Tout dire en parlanjhe : Grigoere en petrasse

Ce texte est extrait de La Misére daus paesans au sujhét daus manjhours é daus aprentis manjhours de Francois Gusteau (1699-1761) qui fut curé de Champagné-les-Marais et de Doix (Marais poitevin). Denis et Lucas dans un dialogue satirique de 471 vers s’en prennent aux manjhours, c’est-à-dire à tous ceux qui pressurent les paysans comme nobles, agents du fisc, soldats, et même les écoliers pilleurs de jardins et de vergers (les aprentis manjhours). Dans cet extrait, Lucas raconte les démêlés de Grigoere avec un huissier venu saisir sa vache.

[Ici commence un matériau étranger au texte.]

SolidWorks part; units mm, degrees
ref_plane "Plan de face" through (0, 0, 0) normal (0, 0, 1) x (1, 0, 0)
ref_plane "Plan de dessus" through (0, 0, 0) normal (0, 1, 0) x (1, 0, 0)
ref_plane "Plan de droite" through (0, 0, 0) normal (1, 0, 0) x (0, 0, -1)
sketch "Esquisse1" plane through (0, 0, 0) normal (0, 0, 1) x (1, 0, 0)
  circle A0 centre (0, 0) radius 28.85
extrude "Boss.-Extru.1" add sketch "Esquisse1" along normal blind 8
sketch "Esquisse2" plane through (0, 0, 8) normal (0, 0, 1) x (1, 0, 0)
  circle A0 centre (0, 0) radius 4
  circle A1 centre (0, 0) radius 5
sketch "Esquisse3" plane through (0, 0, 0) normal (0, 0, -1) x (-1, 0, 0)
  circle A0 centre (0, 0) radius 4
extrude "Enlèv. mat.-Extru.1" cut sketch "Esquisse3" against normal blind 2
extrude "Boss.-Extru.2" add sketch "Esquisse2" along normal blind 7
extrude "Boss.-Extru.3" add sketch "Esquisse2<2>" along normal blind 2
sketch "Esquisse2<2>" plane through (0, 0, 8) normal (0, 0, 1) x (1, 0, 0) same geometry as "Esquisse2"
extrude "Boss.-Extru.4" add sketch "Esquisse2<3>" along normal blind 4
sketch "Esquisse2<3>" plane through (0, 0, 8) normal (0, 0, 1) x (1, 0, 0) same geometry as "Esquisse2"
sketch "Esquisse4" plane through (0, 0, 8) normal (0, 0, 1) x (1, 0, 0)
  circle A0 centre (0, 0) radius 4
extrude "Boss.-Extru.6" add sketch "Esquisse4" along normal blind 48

İn de çhés rouinours, dunt te véns de parlàe,
Vénghit in de çhés jhours, sen se faere priàe,
Den le petit carai dau foussai de la Mote,

Prenre de part le Ràe çhéle vache Calote
Que ll’achetit entour dau cabanàe Jhorjhét.
İ ne sé déjha pu ce qu’ol ét qu’a coutét.
Ni pu ni moén, la vache étét é béle é boune.

O ne fàut dunque poén, Denis, que te t’étounes
Si Grigoere fasit de sés pais, de sés méns,
Pr enpaechàe de manjhàe sun pauvre gagne-pén :
Le sérjhent fut batu, sa ruque fut pégnàie ;

Ll’avét en mile endréts sa face égrafignàie.
Mé le fut le pu fort, aedai de sun recors,
Qui sésissant d’abord la vache pr lés cors,
Li fésit in licou d’ine de sés jhartéres.

O dame ! o fut içhi que Grigoere en colére
Dissit au grafinour, li dounant mile nums :
« Va, va, t’és pu chéti cent foes que lés démuns,
Voleùr de pauvres jhents, daus oumes le pu mablle.

İ ae dounai mile foes ma vache a touts lés diablles,
İ lés fasàe trenbllàe, tant fort i renacàe,
Jhamae, pr l’enlevàe, gn’ant fét le moéndre pas.
Mé, tàe, chéti coçhin, te n’as jha fét de ménme :

Sen étre demandai, pr boutràe cunbae t’aemes
A rouinàe lés jhents, te véns pr l’enmenàe.
Va, bélitre ! vaurén ! te dés remérciàe
Que t’és pu fort que màe, quar sen çheù ta carcasse

Sérvirét den lés chanps a chaçàe lés ajhaces.
İ hacheràe ta chaer en si petits morceas
Que le pu grous téndrét en le béc d’in osea ! »

François Gusteau, La Misére daus paesans, La Crèche, Geste éditions, 1999, p. 25-26.

vénghit : vint ; le Ràe : le roi ; entour dau cabanàe : auprès du « cabanier », fermier ; sés pais : ses pieds ; le sérjhent : l’huissier ; sa ruque : perruque ; sun recors : son agent ; lés cors : les cornes ; chéti : mauvais ; mablle : minable ; renacàe : renâclais ; gn’ant fét: ils n’ont fait ; pr boutràe : pour montrer ; lés ajhaces/yaces/gnaces : les pies ; in osea : un oiseau

Activités

1 Combien de personnages comporte ce récit ?

2 Quels mots nous indiquent où se déroule précisément l’histoire ?

3 Que signifient ici les mots sérjhent, recors ? Que signifient-ils aujourd’hui en français ?

4 Que signifie grafinour ? Cherchez dans le texte un mot de la même famille. L’étymologie de ces mots comme du français « orthographe » est le verbe grec graphein qui signifie « écrire ». Quels rapports de sens établissez-vous ?

5 Comment s’appellent en français et en poitevin-saintongeais les engins destinés à faire peur aux oiseaux ?

6 Le diablle o z-enporte ! (que le diable emporte cette chose !) est pris au sens propre dans certains contes. En connaissez-vous ? Vous pouvez en imaginer un.